Sommet de l’OTAN: le Canada s’opposerait à une augmentation des budgets militaires
Le 31/08/14
De 45enord.ca
À la veille du Sommet de l’Alliance atlantique, qui se tiendra au Pays de Galles du 4 au 5 septembre, l’OTAN souhaite que les États membres acceptent d’augmenter leurs dépenses militaires, mais, selon ce que rapporte l’agence britannique Reuters, s’appuyant sur des sources qui s’expriment sous le couvert de l’anonymat, le Canada s’y refuse et bloquerait une résolution en ce sens.
L’OTAN aimerait voir ses États membres s’engager à augmenter leurs dépenses de défense à 2 pour cent du PIB [produit intérieur brut] au cours des 10 prochaines années.

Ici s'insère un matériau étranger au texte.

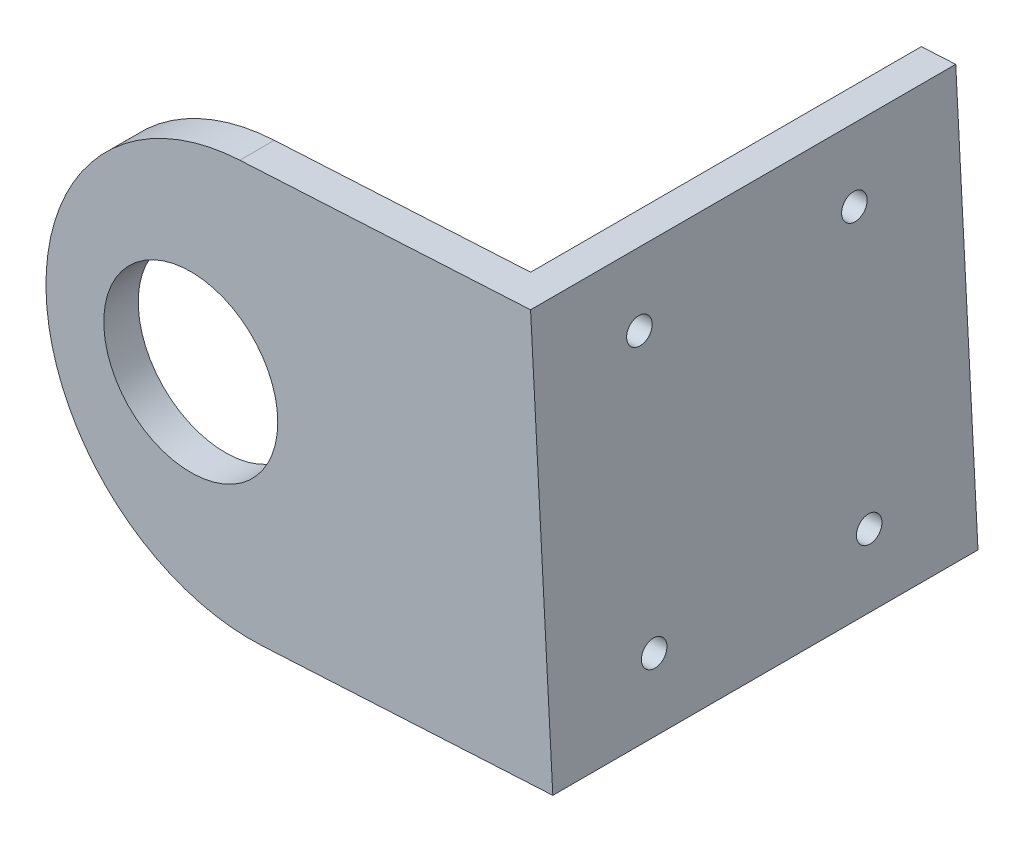
ISO-10303-21;
HEADER;
FILE_DESCRIPTION(('STEP AP214'),'2;1');
FILE_NAME('part.step','',(''),(''),'','','');
FILE_SCHEMA(('AUTOMOTIVE_DESIGN { 1 0 10303 214 1 1 1 1 }'));
ENDSEC;
DATA;
#1=APPLICATION_CONTEXT('core data for automotive mechanical design processes');
#2=APPLICATION_PROTOCOL_DEFINITION('international standard','automotive_design',2000,#1);
#3=PRODUCT_CONTEXT('',#1,'mechanical');
#4=PRODUCT('Part','Part','',(#3));
#5=PRODUCT_RELATED_PRODUCT_CATEGORY('part','',(#4));
#6=PRODUCT_DEFINITION_FORMATION('','',#4);
#7=PRODUCT_DEFINITION_CONTEXT('part definition',#1,'design');
#8=PRODUCT_DEFINITION('design','',#6,#7);
#9=PRODUCT_DEFINITION_SHAPE('','',#8);
#10=(LENGTH_UNIT() NAMED_UNIT(*) SI_UNIT(.MILLI.,.METRE.));
#11=(NAMED_UNIT(*) PLANE_ANGLE_UNIT() SI_UNIT($,.RADIAN.));
#12=(NAMED_UNIT(*) SI_UNIT($,.STERADIAN.) SOLID_ANGLE_UNIT());
#13=UNCERTAINTY_MEASURE_WITH_UNIT(LENGTH_MEASURE(1.E-05),#10,'distance_accuracy_value','');
#14=(GEOMETRIC_REPRESENTATION_CONTEXT(3) GLOBAL_UNCERTAINTY_ASSIGNED_CONTEXT((#13)) GLOBAL_UNIT_ASSIGNED_CONTEXT((#10,
#11,#12)) REPRESENTATION_CONTEXT('',''));
#15=CARTESIAN_POINT('',(0.,0.,0.));
#16=DIRECTION('',(0.,0.,1.));
#17=DIRECTION('',(1.,0.,0.));
#18=AXIS2_PLACEMENT_3D('',#15,#16,#17);
#19=CARTESIAN_POINT('',(8.73708907772197,0.475157287592046,0.));
#20=DIRECTION('',(0.,0.,-1.));
#21=DIRECTION('',(-1.,0.,0.));
#22=AXIS2_PLACEMENT_3D('',#19,#20,#21);
#23=CYLINDRICAL_SURFACE('',#22,29.75);
#24=DIRECTION('',(0.,0.,-1.));
#25=VECTOR('',#24,1.);
#26=CARTESIAN_POINT('',(7.12155429990905,30.1812601518467,5.));
#27=LINE('',#26,#25);
#28=CARTESIAN_POINT('',(7.12155429990905,30.1812601518467,0.));
#29=VERTEX_POINT('',#28);
#30=CARTESIAN_POINT('',(7.12155429990907,30.1812601518467,5.));
#31=VERTEX_POINT('',#30);
#32=EDGE_CURVE('E136',#29,#31,#27,.F.);
#33=ORIENTED_EDGE('',*,*,#32,.F.);
#34=CARTESIAN_POINT('',(8.73708907772197,0.475157287592046,0.));
#35=DIRECTION('',(0.,0.,-1.));
#36=DIRECTION('',(-1.,0.,0.));
#37=AXIS2_PLACEMENT_3D('',#34,#35,#36);
#38=CIRCLE('',#37,29.75);
#39=CARTESIAN_POINT('',(10.3526238555349,-29.2309455766626,0.));
#40=VERTEX_POINT('',#39);
#41=EDGE_CURVE('E43',#40,#29,#38,.T.);
#42=ORIENTED_EDGE('',*,*,#41,.F.);
#43=DIRECTION('',(0.,0.,-1.));
#44=VECTOR('',#43,1.);
#45=CARTESIAN_POINT('',(10.3526238555349,-29.2309455766626,5.));
#46=LINE('',#45,#44);
#47=CARTESIAN_POINT('',(10.3526238555349,-29.2309455766626,5.));
#48=VERTEX_POINT('',#47);
#49=EDGE_CURVE('E149',#48,#40,#46,.T.);
#50=ORIENTED_EDGE('',*,*,#49,.F.);
#51=CARTESIAN_POINT('',(8.73708907772197,0.475157287592046,5.));
#52=DIRECTION('',(0.,0.,-1.));
#53=DIRECTION('',(-1.,0.,0.));
#54=AXIS2_PLACEMENT_3D('',#51,#52,#53);
#55=CIRCLE('',#54,29.75);
#56=EDGE_CURVE('E11',#31,#48,#55,.F.);
#57=ORIENTED_EDGE('',*,*,#56,.F.);
#58=EDGE_LOOP('',(#33,#42,#50,#57));
#59=FACE_BOUND('',#58,.T.);
#60=ADVANCED_FACE('F35',(#59),#23,.T.);
#61=CARTESIAN_POINT('',(0.,0.,5.));
#62=DIRECTION('',(0.,0.,-1.));
#63=DIRECTION('',(-1.,0.,0.));
#64=AXIS2_PLACEMENT_3D('',#61,#62,#63);
#65=PLANE('',#64);
#66=DIRECTION('',(-0.998524466025366,-0.054303690010518,0.));
#67=VECTOR('',#66,1.);
#68=CARTESIAN_POINT('',(-22.5845485643456,28.5657253740338,5.));
#69=LINE('',#68,#67);
#70=CARTESIAN_POINT('',(49.3092129894808,32.4755910547911,5.));
#71=VERTEX_POINT('',#70);
#72=EDGE_CURVE('E91',#71,#31,#69,.T.);
#73=ORIENTED_EDGE('',*,*,#72,.T.);
#74=ORIENTED_EDGE('',*,*,#56,.T.);
#75=DIRECTION('',(0.998524466025366,0.0543036900105184,0.));
#76=VECTOR('',#75,1.);
#77=CARTESIAN_POINT('',(47.5476602149798,-27.2081331237708,5.));
#78=LINE('',#77,#76);
#79=CARTESIAN_POINT('',(52.5402825451066,-26.9366146737182,5.));
#80=VERTEX_POINT('',#79);
#81=EDGE_CURVE('E84',#48,#80,#78,.T.);
#82=ORIENTED_EDGE('',*,*,#81,.T.);
#83=DIRECTION('',(0.0543036900105177,-0.998524466025366,0.));
#84=VECTOR('',#83,1.);
#85=CARTESIAN_POINT('',(52.5402825451066,-26.9366146737182,5.));
#86=LINE('',#85,#84);
#87=EDGE_CURVE('E89',#71,#80,#86,.T.);
#88=ORIENTED_EDGE('',*,*,#87,.F.);
#89=EDGE_LOOP('',(#73,#74,#82,#88));
#90=FACE_BOUND('',#89,.T.);
#91=CARTESIAN_POINT('',(0.,0.,5.));
#92=DIRECTION('',(0.,0.,1.));
#93=DIRECTION('',(1.,0.,0.));
#94=AXIS2_PLACEMENT_3D('',#91,#92,#93);
#95=CIRCLE('',#94,12.625);
#96=CARTESIAN_POINT('',(12.625,0.,5.));
#97=VERTEX_POINT('',#96);
#98=EDGE_CURVE('E128',#97,#97,#95,.T.);
#99=ORIENTED_EDGE('',*,*,#98,.F.);
#100=EDGE_LOOP('',(#99));
#101=FACE_BOUND('',#100,.T.);
#102=ADVANCED_FACE('F86',(#90,#101),#65,.F.);
#103=CARTESIAN_POINT('',(0.,0.,0.));
#104=DIRECTION('',(0.,0.,-1.));
#105=DIRECTION('',(-1.,0.,0.));
#106=AXIS2_PLACEMENT_3D('',#103,#104,#105);
#107=PLANE('',#106);
#108=DIRECTION('',(0.998524466025366,0.0543036900105184,0.));
#109=VECTOR('',#108,1.);
#110=CARTESIAN_POINT('',(47.5476602149798,-27.2081331237708,0.));
#111=LINE('',#110,#109);
#112=CARTESIAN_POINT('',(47.5476602149798,-27.2081331237708,0.));
#113=VERTEX_POINT('',#112);
#114=EDGE_CURVE('E131',#40,#113,#111,.T.);
#115=ORIENTED_EDGE('',*,*,#114,.F.);
#116=ORIENTED_EDGE('',*,*,#41,.T.);
#117=DIRECTION('',(-0.998524466025366,-0.054303690010518,0.));
#118=VECTOR('',#117,1.);
#119=CARTESIAN_POINT('',(-22.5845485643456,28.5657253740338,0.));
#120=LINE('',#119,#118);
#121=CARTESIAN_POINT('',(44.3165906593539,32.2040726047385,0.));
#122=VERTEX_POINT('',#121);
#123=EDGE_CURVE('E92',#122,#29,#120,.T.);
#124=ORIENTED_EDGE('',*,*,#123,.F.);
#125=DIRECTION('',(-0.0543036900105177,0.998524466025366,0.));
#126=VECTOR('',#125,1.);
#127=CARTESIAN_POINT('',(44.3165906593539,32.2040726047385,0.));
#128=LINE('',#127,#126);
#129=EDGE_CURVE('E141',#113,#122,#128,.T.);
#130=ORIENTED_EDGE('',*,*,#129,.F.);
#131=EDGE_LOOP('',(#115,#116,#124,#130));
#132=FACE_BOUND('',#131,.T.);
#133=CARTESIAN_POINT('',(0.,0.,0.));
#134=DIRECTION('',(0.,0.,1.));
#135=DIRECTION('',(1.,0.,0.));
#136=AXIS2_PLACEMENT_3D('',#133,#134,#135);
#137=CIRCLE('',#136,12.625);
#138=CARTESIAN_POINT('',(12.625,0.,0.));
#139=VERTEX_POINT('',#138);
#140=EDGE_CURVE('E132',#139,#139,#137,.T.);
#141=ORIENTED_EDGE('',*,*,#140,.T.);
#142=EDGE_LOOP('',(#141));
#143=FACE_BOUND('',#142,.T.);
#144=ADVANCED_FACE('F152',(#132,#143),#107,.T.);
#145=CARTESIAN_POINT('',(47.5476602149798,-27.2081331237708,5.));
#146=DIRECTION('',(-0.0543036900105184,0.998524466025366,0.));
#147=DIRECTION('',(-0.998524466025366,-0.0543036900105184,0.));
#148=AXIS2_PLACEMENT_3D('',#145,#146,#147);
#149=PLANE('',#148);
#150=ORIENTED_EDGE('',*,*,#81,.F.);
#151=ORIENTED_EDGE('',*,*,#49,.T.);
#152=ORIENTED_EDGE('',*,*,#114,.T.);
#153=DIRECTION('',(0.,0.,-1.));
#154=VECTOR('',#153,1.);
#155=CARTESIAN_POINT('',(47.5476602149798,-27.2081331237708,-56.7));
#156=LINE('',#155,#154);
#157=CARTESIAN_POINT('',(47.5476602149798,-27.2081331237708,-56.7));
#158=VERTEX_POINT('',#157);
#159=EDGE_CURVE('E124',#113,#158,#156,.T.);
#160=ORIENTED_EDGE('',*,*,#159,.T.);
#161=DIRECTION('',(-0.998524466025366,-0.0543036900105177,0.));
#162=VECTOR('',#161,1.);
#163=CARTESIAN_POINT('',(52.5402825451066,-26.9366146737182,-56.7));
#164=LINE('',#163,#162);
#165=CARTESIAN_POINT('',(52.5402825451066,-26.9366146737182,-56.7));
#166=VERTEX_POINT('',#165);
#167=EDGE_CURVE('E98',#166,#158,#164,.T.);
#168=ORIENTED_EDGE('',*,*,#167,.F.);
#169=DIRECTION('',(0.,0.,-1.));
#170=VECTOR('',#169,1.);
#171=CARTESIAN_POINT('',(52.5402825451066,-26.9366146737182,-56.7));
#172=LINE('',#171,#170);
#173=EDGE_CURVE('E95',#80,#166,#172,.T.);
#174=ORIENTED_EDGE('',*,*,#173,.F.);
#175=EDGE_LOOP('',(#150,#151,#152,#160,#168,#174));
#176=FACE_BOUND('',#175,.T.);
#177=ADVANCED_FACE('F96',(#176),#149,.F.);
#178=CARTESIAN_POINT('',(-22.5845485643456,28.5657253740338,5.));
#179=DIRECTION('',(0.054303690010518,-0.998524466025366,0.));
#180=DIRECTION('',(0.998524466025366,0.054303690010518,0.));
#181=AXIS2_PLACEMENT_3D('',#178,#179,#180);
#182=PLANE('',#181);
#183=ORIENTED_EDGE('',*,*,#123,.T.);
#184=ORIENTED_EDGE('',*,*,#32,.T.);
#185=ORIENTED_EDGE('',*,*,#72,.F.);
#186=DIRECTION('',(0.,0.,1.));
#187=VECTOR('',#186,1.);
#188=CARTESIAN_POINT('',(49.3092129894808,32.4755910547911,5.));
#189=LINE('',#188,#187);
#190=CARTESIAN_POINT('',(49.3092129894808,32.4755910547911,-56.7));
#191=VERTEX_POINT('',#190);
#192=EDGE_CURVE('E107',#191,#71,#189,.T.);
#193=ORIENTED_EDGE('',*,*,#192,.F.);
#194=DIRECTION('',(-0.998524466025366,-0.0543036900105177,0.));
#195=VECTOR('',#194,1.);
#196=CARTESIAN_POINT('',(49.3092129894808,32.4755910547911,-56.7));
#197=LINE('',#196,#195);
#198=CARTESIAN_POINT('',(44.3165906593539,32.2040726047385,-56.7));
#199=VERTEX_POINT('',#198);
#200=EDGE_CURVE('E119',#191,#199,#197,.T.);
#201=ORIENTED_EDGE('',*,*,#200,.T.);
#202=DIRECTION('',(0.,0.,1.));
#203=VECTOR('',#202,1.);
#204=CARTESIAN_POINT('',(44.3165906593539,32.2040726047385,5.));
#205=LINE('',#204,#203);
#206=EDGE_CURVE('E108',#199,#122,#205,.T.);
#207=ORIENTED_EDGE('',*,*,#206,.T.);
#208=EDGE_LOOP('',(#183,#184,#185,#193,#201,#207));
#209=FACE_BOUND('',#208,.T.);
#210=ADVANCED_FACE('F158',(#209),#182,.F.);
#211=CARTESIAN_POINT('',(0.,0.,5.));
#212=DIRECTION('',(0.,0.,-1.));
#213=DIRECTION('',(-1.,0.,0.));
#214=AXIS2_PLACEMENT_3D('',#211,#212,#213);
#215=CYLINDRICAL_SURFACE('',#214,12.625);
#216=ORIENTED_EDGE('',*,*,#98,.T.);
#217=EDGE_LOOP('',(#216));
#218=FACE_BOUND('',#217,.T.);
#219=ORIENTED_EDGE('',*,*,#140,.F.);
#220=EDGE_LOOP('',(#219));
#221=FACE_BOUND('',#220,.T.);
#222=ADVANCED_FACE('F193',(#218,#221),#215,.F.);
#223=CARTESIAN_POINT('',(50.9247477672937,2.76948819053641,0.));
#224=DIRECTION('',(-0.998524466025366,-0.0543036900105177,0.));
#225=DIRECTION('',(0.0543036900105177,-0.998524466025366,0.));
#226=AXIS2_PLACEMENT_3D('',#223,#224,#225);
#227=PLANE('',#226);
#228=ORIENTED_EDGE('',*,*,#87,.T.);
#229=ORIENTED_EDGE('',*,*,#173,.T.);
#230=DIRECTION('',(-0.0543036900105177,0.998524466025366,0.));
#231=VECTOR('',#230,1.);
#232=CARTESIAN_POINT('',(49.3092129894808,32.4755910547911,-56.7));
#233=LINE('',#232,#231);
#234=EDGE_CURVE('E101',#166,#191,#233,.T.);
#235=ORIENTED_EDGE('',*,*,#234,.T.);
#236=ORIENTED_EDGE('',*,*,#192,.T.);
#237=EDGE_LOOP('',(#228,#229,#235,#236));
#238=FACE_BOUND('',#237,.T.);
#239=CARTESIAN_POINT('',(49.852249889586,22.4903463945374,-10.25));
#240=DIRECTION('',(0.998524466025366,0.0543036900105177,0.));
#241=DIRECTION('',(-0.0543036900105177,0.998524466025366,0.));
#242=AXIS2_PLACEMENT_3D('',#239,#240,#241);
#243=CIRCLE('',#242,1.85);
#244=CARTESIAN_POINT('',(49.7517880630665,24.3376166566843,-10.25));
#245=VERTEX_POINT('',#244);
#246=EDGE_CURVE('E126',#245,#245,#243,.T.);
#247=ORIENTED_EDGE('',*,*,#246,.F.);
#248=EDGE_LOOP('',(#247));
#249=FACE_BOUND('',#248,.T.);
#250=CARTESIAN_POINT('',(49.852249889586,22.4903463945374,-41.45));
#251=DIRECTION('',(0.998524466025366,0.0543036900105177,0.));
#252=DIRECTION('',(-0.0543036900105177,0.998524466025366,0.));
#253=AXIS2_PLACEMENT_3D('',#250,#251,#252);
#254=CIRCLE('',#253,1.85);
#255=CARTESIAN_POINT('',(49.7517880630665,24.3376166566843,-41.45));
#256=VERTEX_POINT('',#255);
#257=EDGE_CURVE('E311',#256,#256,#254,.T.);
#258=ORIENTED_EDGE('',*,*,#257,.F.);
#259=EDGE_LOOP('',(#258));
#260=FACE_BOUND('',#259,.T.);
#261=CARTESIAN_POINT('',(51.9972456450014,-16.9513700134646,-41.45));
#262=DIRECTION('',(0.998524466025366,0.0543036900105177,0.));
#263=DIRECTION('',(-0.0543036900105177,0.998524466025366,0.));
#264=AXIS2_PLACEMENT_3D('',#261,#262,#263);
#265=CIRCLE('',#264,1.85);
#266=CARTESIAN_POINT('',(51.8967838184819,-15.1040997513176,-41.45));
#267=VERTEX_POINT('',#266);
#268=EDGE_CURVE('E305',#267,#267,#265,.T.);
#269=ORIENTED_EDGE('',*,*,#268,.F.);
#270=EDGE_LOOP('',(#269));
#271=FACE_BOUND('',#270,.T.);
#272=CARTESIAN_POINT('',(51.9972456450014,-16.9513700134646,-10.25));
#273=DIRECTION('',(0.998524466025366,0.0543036900105177,0.));
#274=DIRECTION('',(-0.0543036900105177,0.998524466025366,0.));
#275=AXIS2_PLACEMENT_3D('',#272,#273,#274);
#276=CIRCLE('',#275,1.85);
#277=CARTESIAN_POINT('',(51.8967838184819,-15.1040997513176,-10.25));
#278=VERTEX_POINT('',#277);
#279=EDGE_CURVE('E296',#278,#278,#276,.T.);
#280=ORIENTED_EDGE('',*,*,#279,.F.);
#281=EDGE_LOOP('',(#280));
#282=FACE_BOUND('',#281,.T.);
#283=ADVANCED_FACE('F104',(#238,#249,#260,#271,#282),#227,.F.);
#284=CARTESIAN_POINT('',(45.9321254371669,2.49796974048382,0.));
#285=DIRECTION('',(-0.998524466025366,-0.0543036900105177,0.));
#286=DIRECTION('',(0.0543036900105177,-0.998524466025366,0.));
#287=AXIS2_PLACEMENT_3D('',#284,#285,#286);
#288=PLANE('',#287);
#289=CARTESIAN_POINT('',(47.0046233148746,-17.2228884635172,-41.45));
#290=DIRECTION('',(0.998524466025366,0.0543036900105177,0.));
#291=DIRECTION('',(-0.0543036900105177,0.998524466025366,0.));
#292=AXIS2_PLACEMENT_3D('',#289,#290,#291);
#293=CIRCLE('',#292,1.85);
#294=CARTESIAN_POINT('',(46.9041614883551,-15.3756182013702,-41.45));
#295=VERTEX_POINT('',#294);
#296=EDGE_CURVE('E302',#295,#295,#293,.T.);
#297=ORIENTED_EDGE('',*,*,#296,.T.);
#298=EDGE_LOOP('',(#297));
#299=FACE_BOUND('',#298,.T.);
#300=CARTESIAN_POINT('',(44.8596275594591,22.2188279444848,-10.25));
#301=DIRECTION('',(0.998524466025366,0.0543036900105177,0.));
#302=DIRECTION('',(-0.0543036900105177,0.998524466025366,0.));
#303=AXIS2_PLACEMENT_3D('',#300,#301,#302);
#304=CIRCLE('',#303,1.85);
#305=CARTESIAN_POINT('',(44.7591657329397,24.0660982066317,-10.25));
#306=VERTEX_POINT('',#305);
#307=EDGE_CURVE('E114',#306,#306,#304,.T.);
#308=ORIENTED_EDGE('',*,*,#307,.T.);
#309=EDGE_LOOP('',(#308));
#310=FACE_BOUND('',#309,.T.);
#311=ORIENTED_EDGE('',*,*,#159,.F.);
#312=ORIENTED_EDGE('',*,*,#129,.T.);
#313=ORIENTED_EDGE('',*,*,#206,.F.);
#314=DIRECTION('',(-0.0543036900105177,0.998524466025366,0.));
#315=VECTOR('',#314,1.);
#316=CARTESIAN_POINT('',(44.3165906593539,32.2040726047385,-56.7));
#317=LINE('',#316,#315);
#318=EDGE_CURVE('E111',#158,#199,#317,.T.);
#319=ORIENTED_EDGE('',*,*,#318,.F.);
#320=EDGE_LOOP('',(#311,#312,#313,#319));
#321=FACE_BOUND('',#320,.T.);
#322=CARTESIAN_POINT('',(44.8596275594591,22.2188279444848,-41.45));
#323=DIRECTION('',(0.998524466025366,0.0543036900105177,0.));
#324=DIRECTION('',(-0.0543036900105177,0.998524466025366,0.));
#325=AXIS2_PLACEMENT_3D('',#322,#323,#324);
#326=CIRCLE('',#325,1.85);
#327=CARTESIAN_POINT('',(44.7591657329397,24.0660982066317,-41.45));
#328=VERTEX_POINT('',#327);
#329=EDGE_CURVE('E308',#328,#328,#326,.T.);
#330=ORIENTED_EDGE('',*,*,#329,.T.);
#331=EDGE_LOOP('',(#330));
#332=FACE_BOUND('',#331,.T.);
#333=CARTESIAN_POINT('',(47.0046233148746,-17.2228884635172,-10.25));
#334=DIRECTION('',(0.998524466025366,0.0543036900105177,0.));
#335=DIRECTION('',(-0.0543036900105177,0.998524466025366,0.));
#336=AXIS2_PLACEMENT_3D('',#333,#334,#335);
#337=CIRCLE('',#336,1.85);
#338=CARTESIAN_POINT('',(46.9041614883551,-15.3756182013702,-10.25));
#339=VERTEX_POINT('',#338);
#340=EDGE_CURVE('E299',#339,#339,#337,.T.);
#341=ORIENTED_EDGE('',*,*,#340,.T.);
#342=EDGE_LOOP('',(#341));
#343=FACE_BOUND('',#342,.T.);
#344=ADVANCED_FACE('F165',(#299,#310,#321,#332,#343),#288,.T.);
#345=CARTESIAN_POINT('',(49.3092129894808,32.4755910547911,-56.7));
#346=DIRECTION('',(0.,0.,1.));
#347=DIRECTION('',(1.,0.,0.));
#348=AXIS2_PLACEMENT_3D('',#345,#346,#347);
#349=PLANE('',#348);
#350=ORIENTED_EDGE('',*,*,#318,.T.);
#351=ORIENTED_EDGE('',*,*,#200,.F.);
#352=ORIENTED_EDGE('',*,*,#234,.F.);
#353=ORIENTED_EDGE('',*,*,#167,.T.);
#354=EDGE_LOOP('',(#350,#351,#352,#353));
#355=FACE_BOUND('',#354,.T.);
#356=ADVANCED_FACE('F168',(#355),#349,.F.);
#357=CARTESIAN_POINT('',(49.852249889586,22.4903463945374,-10.25));
#358=DIRECTION('',(-0.998524466025366,-0.0543036900105177,0.));
#359=DIRECTION('',(0.0543036900105177,-0.998524466025366,0.));
#360=AXIS2_PLACEMENT_3D('',#357,#358,#359);
#361=CYLINDRICAL_SURFACE('',#360,1.85);
#362=ORIENTED_EDGE('',*,*,#246,.T.);
#363=EDGE_LOOP('',(#362));
#364=FACE_BOUND('',#363,.T.);
#365=ORIENTED_EDGE('',*,*,#307,.F.);
#366=EDGE_LOOP('',(#365));
#367=FACE_BOUND('',#366,.T.);
#368=ADVANCED_FACE('F172',(#364,#367),#361,.F.);
#369=CARTESIAN_POINT('',(49.852249889586,22.4903463945374,-41.45));
#370=DIRECTION('',(-0.998524466025366,-0.0543036900105177,0.));
#371=DIRECTION('',(0.0543036900105177,-0.998524466025366,0.));
#372=AXIS2_PLACEMENT_3D('',#369,#370,#371);
#373=CYLINDRICAL_SURFACE('',#372,1.85);
#374=ORIENTED_EDGE('',*,*,#257,.T.);
#375=EDGE_LOOP('',(#374));
#376=FACE_BOUND('',#375,.T.);
#377=ORIENTED_EDGE('',*,*,#329,.F.);
#378=EDGE_LOOP('',(#377));
#379=FACE_BOUND('',#378,.T.);
#380=ADVANCED_FACE('F178',(#376,#379),#373,.F.);
#381=CARTESIAN_POINT('',(51.9972456450014,-16.9513700134646,-41.45));
#382=DIRECTION('',(-0.998524466025366,-0.0543036900105177,0.));
#383=DIRECTION('',(0.0543036900105177,-0.998524466025366,0.));
#384=AXIS2_PLACEMENT_3D('',#381,#382,#383);
#385=CYLINDRICAL_SURFACE('',#384,1.85);
#386=ORIENTED_EDGE('',*,*,#268,.T.);
#387=EDGE_LOOP('',(#386));
#388=FACE_BOUND('',#387,.T.);
#389=ORIENTED_EDGE('',*,*,#296,.F.);
#390=EDGE_LOOP('',(#389));
#391=FACE_BOUND('',#390,.T.);
#392=ADVANCED_FACE('F240',(#388,#391),#385,.F.);
#393=CARTESIAN_POINT('',(51.9972456450014,-16.9513700134646,-10.25));
#394=DIRECTION('',(-0.998524466025366,-0.0543036900105177,0.));
#395=DIRECTION('',(0.0543036900105177,-0.998524466025366,0.));
#396=AXIS2_PLACEMENT_3D('',#393,#394,#395);
#397=CYLINDRICAL_SURFACE('',#396,1.85);
#398=ORIENTED_EDGE('',*,*,#279,.T.);
#399=EDGE_LOOP('',(#398));
#400=FACE_BOUND('',#399,.T.);
#401=ORIENTED_EDGE('',*,*,#340,.F.);
#402=EDGE_LOOP('',(#401));
#403=FACE_BOUND('',#402,.T.);
#404=ADVANCED_FACE('F250',(#400,#403),#397,.F.);
#405=CLOSED_SHELL('',(#60,#102,#144,#177,#210,#222,#283,#344,#356,#368,#380,#392,#404));
#406=MANIFOLD_SOLID_BREP('B2',#405);
#407=ADVANCED_BREP_SHAPE_REPRESENTATION('',(#18,#406),#14);
#408=SHAPE_DEFINITION_REPRESENTATION(#9,#407);
ENDSEC;
END-ISO-10303-21;

En 2013, seuls quatre pays – les États-Unis, la Grande-Bretagne, la Grèce et l’Estonie – ont dépensé autant sur la défense.
L’Alliance a besoin d’un budget renforcé pour « une présence plus visible de l’OTAN dans l’est » pour contrer la Russie, qui, selon le Secrétaire général de l’OTAN, Anders Fogh Rasmussen, « soutient activement l’insurrection en Ukraine. »
Le chef de l’OTAN envisagerait l’établissement de plusieurs bases dans l’Est de l’Europe pour affronter la Russie
Le Premier ministre canadien Stephen Harper sera au Pays de Galles pour participer au Sommet de l’OTAN, alors que pleuvent les accusations d’ingérence directe contre la Russie en Ukraine et que les membres de l’Alliance devront coordonner leur réponse face aux dernières actions de Moscou.
Au Pays de Galles,dit le communiqué du Bureau du Premier ministre qui annonce sa participation au Sommet, Stephen Harper insistera sur l’engagement inébranlable du Canada envers l’Alliance et sur la nécessité de «réagir avec vigueur et de manière coordonnée aux efforts russes visant à déstabiliser l’Ukraine, à en miner la souveraineté et l’intégrité territoriale».
Le Canada participe déjà activement aux mesures de réassurance des alliés de l’OTAN en fournissant des aéronefs, un navire et des troupes pour favoriser un climat de sécurité et de stabilité en Europe de l’Est et en Europe centrale.
Le Canada a envoyé jusqu’ici six avions de chasse pour patrouiller le ciel de l’Europe de l’Est. Les troupes canadiennes ont aussi participé à des exercices en Pologne et Ottawa a également fourni une aide militaire non létal à l’Ukraine et a promis à Kiev 220 millions $ en prêts et de garanties de prêts.
Mais il y a une grande différence entre des actions ponctuelles,quelque soient leur coûts, et un engagement à augmenter durablement ses dépenses militaires.
Le Canada réfractaire à une augmentation des budgets à long terme
«Le Canada a clairement fait savoir qu’il va bloquer le consensus » et même si la demande d’augmenter les dépenses militaires visait surtout les pays européens, « le refus du Canada rendra la vie plus difficile pour l’OTAN alors qu’elle elle fait face à l’agression russe, », a déclaré à l’agence britannique l’une des sources proches des négociations.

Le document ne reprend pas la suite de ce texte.